Exercise details ->
Report every line of the records that includes the word "true".

Records for processing ->
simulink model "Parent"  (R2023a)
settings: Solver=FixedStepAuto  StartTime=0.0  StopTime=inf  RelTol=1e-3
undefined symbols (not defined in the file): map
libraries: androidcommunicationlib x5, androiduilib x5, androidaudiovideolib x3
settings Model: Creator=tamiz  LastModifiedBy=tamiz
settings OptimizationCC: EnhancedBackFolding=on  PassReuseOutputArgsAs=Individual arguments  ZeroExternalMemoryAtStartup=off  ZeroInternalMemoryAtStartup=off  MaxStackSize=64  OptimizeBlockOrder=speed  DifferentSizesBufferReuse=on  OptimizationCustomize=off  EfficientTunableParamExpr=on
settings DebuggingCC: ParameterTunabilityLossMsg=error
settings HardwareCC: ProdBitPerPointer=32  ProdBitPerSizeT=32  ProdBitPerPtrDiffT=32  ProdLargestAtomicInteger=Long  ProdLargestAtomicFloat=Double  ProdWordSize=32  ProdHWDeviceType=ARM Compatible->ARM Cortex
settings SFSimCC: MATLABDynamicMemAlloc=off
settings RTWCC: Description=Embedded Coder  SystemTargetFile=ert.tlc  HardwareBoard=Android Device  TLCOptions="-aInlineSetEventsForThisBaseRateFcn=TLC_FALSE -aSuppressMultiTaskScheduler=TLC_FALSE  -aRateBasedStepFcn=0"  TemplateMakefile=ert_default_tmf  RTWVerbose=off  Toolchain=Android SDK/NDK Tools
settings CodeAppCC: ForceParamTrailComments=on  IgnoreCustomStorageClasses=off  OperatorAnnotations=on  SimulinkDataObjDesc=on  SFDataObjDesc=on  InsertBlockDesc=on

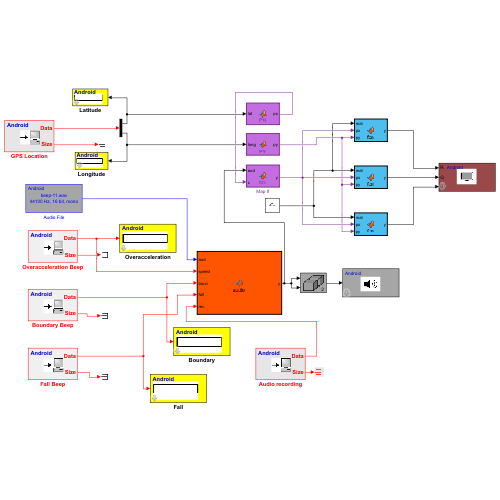
[thumbnail: Simulink's stored preview of the top-level diagram]
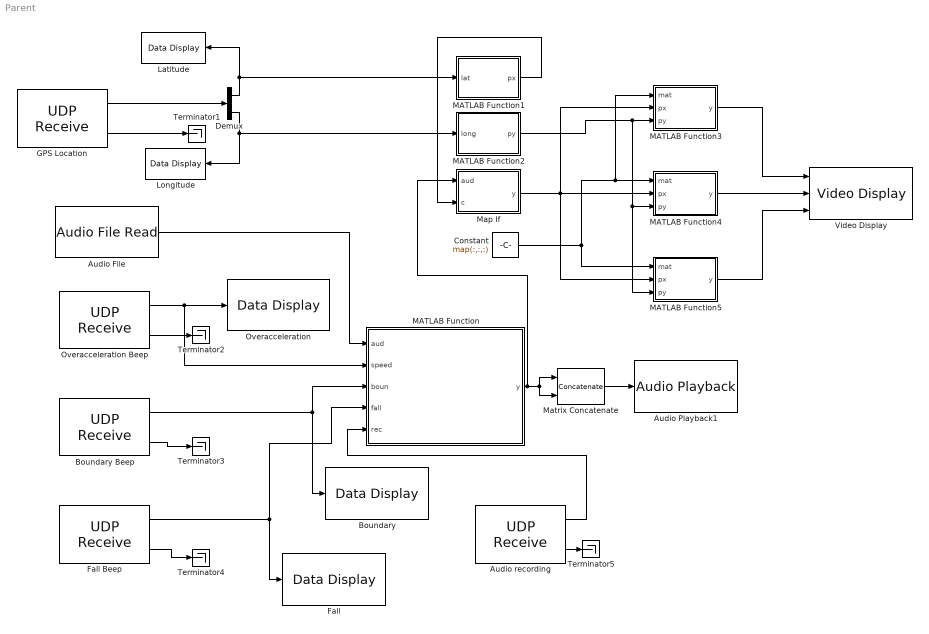
== system Parent ==
  Audio File : androidaudiovideolib/Audio File Read  FileName=C:\Users\tamiz\Downloads\beep-11.wav  FrameSize=4410
  Audio Playback1 : androidaudiovideolib/Audio Playback  SampleFreq=44100  AudioSamplingFreq=44100  SampleTime=0.1  DeviceStr=0  QueueDuration=0  BlockPlatform=Android
  Audio recording : androidcommunicationlib/UDP Receive  localURL='0.0.0.0'  localPort=25004  remoteURL='0.0.0.0'  remotePort=-1  recvBufferSize=8192  signalDatatype=int16  dims=4410  isVarSize=off  showBlockingTime=off  blockingTime=0  sampletime=0.1  blockPlatform=Android
  Boundary : androiduilib/Data Display  DataDisplayId=Parent/Boundary  Format=Integer  Precision=6  SimulateUsing=Code generation  blockPlatform=Android
  Boundary Beep : androidcommunicationlib/UDP Receive  localURL='0.0.0.0'  localPort=25002  remoteURL='0.0.0.0'  remotePort=-1  recvBufferSize=8192  signalDatatype=boolean  dims=1  isVarSize=off  showBlockingTime=off  blockingTime=0  sampletime=0.1  blockPlatform=Android
  Constant : Constant  Value=map(:,:,:)  VectorParams1D=off  SampleTime=0.1
  Demux : Demux  Outputs=2
  Fall : androiduilib/Data Display  DataDisplayId=Parent/Fall  Format=Integer  Precision=6  SimulateUsing=Code generation  blockPlatform=Android
  Fall Beep : androidcommunicationlib/UDP Receive  localURL='0.0.0.0'  localPort=25001  remoteURL='0.0.0.0'  remotePort=-1  recvBufferSize=8192  signalDatatype=boolean  dims=1  isVarSize=off  showBlockingTime=off  blockingTime=0  sampletime=0.1  blockPlatform=Android
  GPS Location : androidcommunicationlib/UDP Receive  localURL='0.0.0.0'  localPort=25000  remoteURL='0.0.0.0'  remotePort=-1  recvBufferSize=8192  signalDatatype=double  dims=2  isVarSize=off  showBlockingTime=off  blockingTime=0  sampletime=0.1  blockPlatform=Android
  Latitude : androiduilib/Data Display  DataDisplayId=Parent/Latitude  Format=Float  Precision=10  SimulateUsing=Code generation  blockPlatform=Android
  Longitude : androiduilib/Data Display  DataDisplayId=Parent/Longitude  Format=Float  Precision=10  SimulateUsing=Code generation  blockPlatform=Android
  MATLAB Function : MATLAB Function  TreatAsAtomicUnit=on
  MATLAB Function1 : MATLAB Function  TreatAsAtomicUnit=on
  MATLAB Function2 : MATLAB Function  TreatAsAtomicUnit=on
  MATLAB Function3 : MATLAB Function  TreatAsAtomicUnit=on
  MATLAB Function4 : MATLAB Function  TreatAsAtomicUnit=on
  MATLAB Function5 : MATLAB Function  TreatAsAtomicUnit=on
  Map If : MATLAB Function  TreatAsAtomicUnit=on
  Matrix Concatenate : Concatenate  Mode=Multidimensional array  ConcatenateDimension=2
  Overacceleration : androiduilib/Data Display  DataDisplayId=Parent/Overacceleration  Format=Integer  Precision=6  SimulateUsing=Code generation  blockPlatform=Android
  Overacceleration Beep : androidcommunicationlib/UDP Receive  localURL='0.0.0.0'  localPort=25003  remoteURL='0.0.0.0'  remotePort=-1  recvBufferSize=8192  signalDatatype=boolean  dims=1  isVarSize=off  showBlockingTime=off  blockingTime=0  sampletime=0.1  blockPlatform=Android
  Terminator{1..5} (5 alike) : Terminator
  Video Display : androidaudiovideolib/Video Display  BlockPlatform=Android
  wires:
  GPS Location/2 -> Terminator1/1
  GPS Location/1 -> Demux/1
  Demux/1 -> Latitude/1, MATLAB Function1/1(lat)
  Demux/2 -> Longitude/1, MATLAB Function2/1(long)
  Overacceleration Beep/2 -> Terminator2/1
  Boundary Beep/2 -> Terminator3/1
  Fall Beep/2 -> Terminator4/1
  Overacceleration Beep/1 -> Overacceleration/1, MATLAB Function/2(speed)
  Boundary Beep/1 -> MATLAB Function/3(boun), Boundary/1
  Fall Beep/1 -> MATLAB Function/4(fall), Fall/1
  Audio recording/2 -> Terminator5/1
  Audio recording/1 -> MATLAB Function/5(rec)
  Audio File/1 -> MATLAB Function/1(aud)
  Matrix Concatenate/1 -> Audio Playback1/1
  MATLAB Function/1(y) -> Map If/1(aud), Matrix Concatenate/2, Matrix Concatenate/1
  MATLAB Function2/1(py) -> MATLAB Function4/3(py), MATLAB Function5/3(py), MATLAB Function3/3(py)
  MATLAB Function3/1(y) -> Video Display/1
  MATLAB Function4/1(y) -> Video Display/2
  MATLAB Function5/1(y) -> Video Display/3
  Constant/1 -> MATLAB Function3/1(mat), MATLAB Function4/1(mat), MATLAB Function5/1(mat)
  MATLAB Function1/1(px) -> Map If/2(c)
  Map If/1(y) -> MATLAB Function3/2(px), MATLAB Function5/2(px), MATLAB Function4/2(px)

== matlab function Parent/MATLAB Function1 ==
  data: lat input; px output
function px = PX(lat)
    x = 352 - ((23.211137 - lat)* 352/0.001721);
    px = int16(x);
end

== matlab function Parent/MATLAB Function ==
  data: aud input; y output; speed input; boun input; fall input; rec input
function y = audio(aud, speed, boun, fall, rec)
    persistent micOn;
    if isempty(micOn)
        micOn = false;
    end
    
    if (fall == false)
        micOn = false;
    end 
    
    if (fall == true)
        y = aud;
        
        if rec ~= zeros(4410,1,'int16')
            micOn = true;
        end

        if micOn == true
            y = rec;
        end
    elseif (speed == true) || (boun == true)
        y = aud;
    else
        y = zeros(4410,1,'int16');
    end
end

== matlab function Parent/MATLAB Function2 ==
  data: long input; py output
function py = PY(long)
    y = 412 - ((72.682927 - long)* 412/0.002205);
    py = int16(y);
end

== matlab function Parent/MATLAB Function3 ==
  data: mat input; y output; px input; py input
function y = fcn(mat,px,py)
    px = max(10, min(px, size(mat, 1) - 10));
    py = max(10, min(py, size(mat, 2) - 10));
    y = mat(:, :, 1);
    y(px - 10:px + 10, py - 10:py + 10) = 255;
end

== matlab function Parent/MATLAB Function4 ==
  data: mat input; y output; px input; py input
function y = fcn(mat,px,py)
    px = max(10, min(px, size(mat, 1) - 10));
    py = max(10, min(py, size(mat, 2) - 10));
    y = mat(:, :, 2);
    y(px - 10:px + 10, py - 10:py + 10) = 0;
end

== matlab function Parent/MATLAB Function5 ==
  data: mat input; y output; px input; py input
function y = fcn(mat,px,py)
    px = max(10, min(px, size(mat, 1) - 10));
    py = max(10, min(py, size(mat, 2) - 10));
    y = mat(:, :, 3);
    y(px - 10:px + 10, py - 10:py + 10) = 0;
end

== matlab function Parent/Map If ==
  data: aud input; y output; c input
function y = fcn(aud,c)
    if aud ~= zeros(4410,1,'int16')
        y = c;
    else
        y = int16(1599);
    end
end

Exercise result ->
    if (fall == true)
            micOn = true;
        if micOn == true
    elseif (speed == true) || (boun == true)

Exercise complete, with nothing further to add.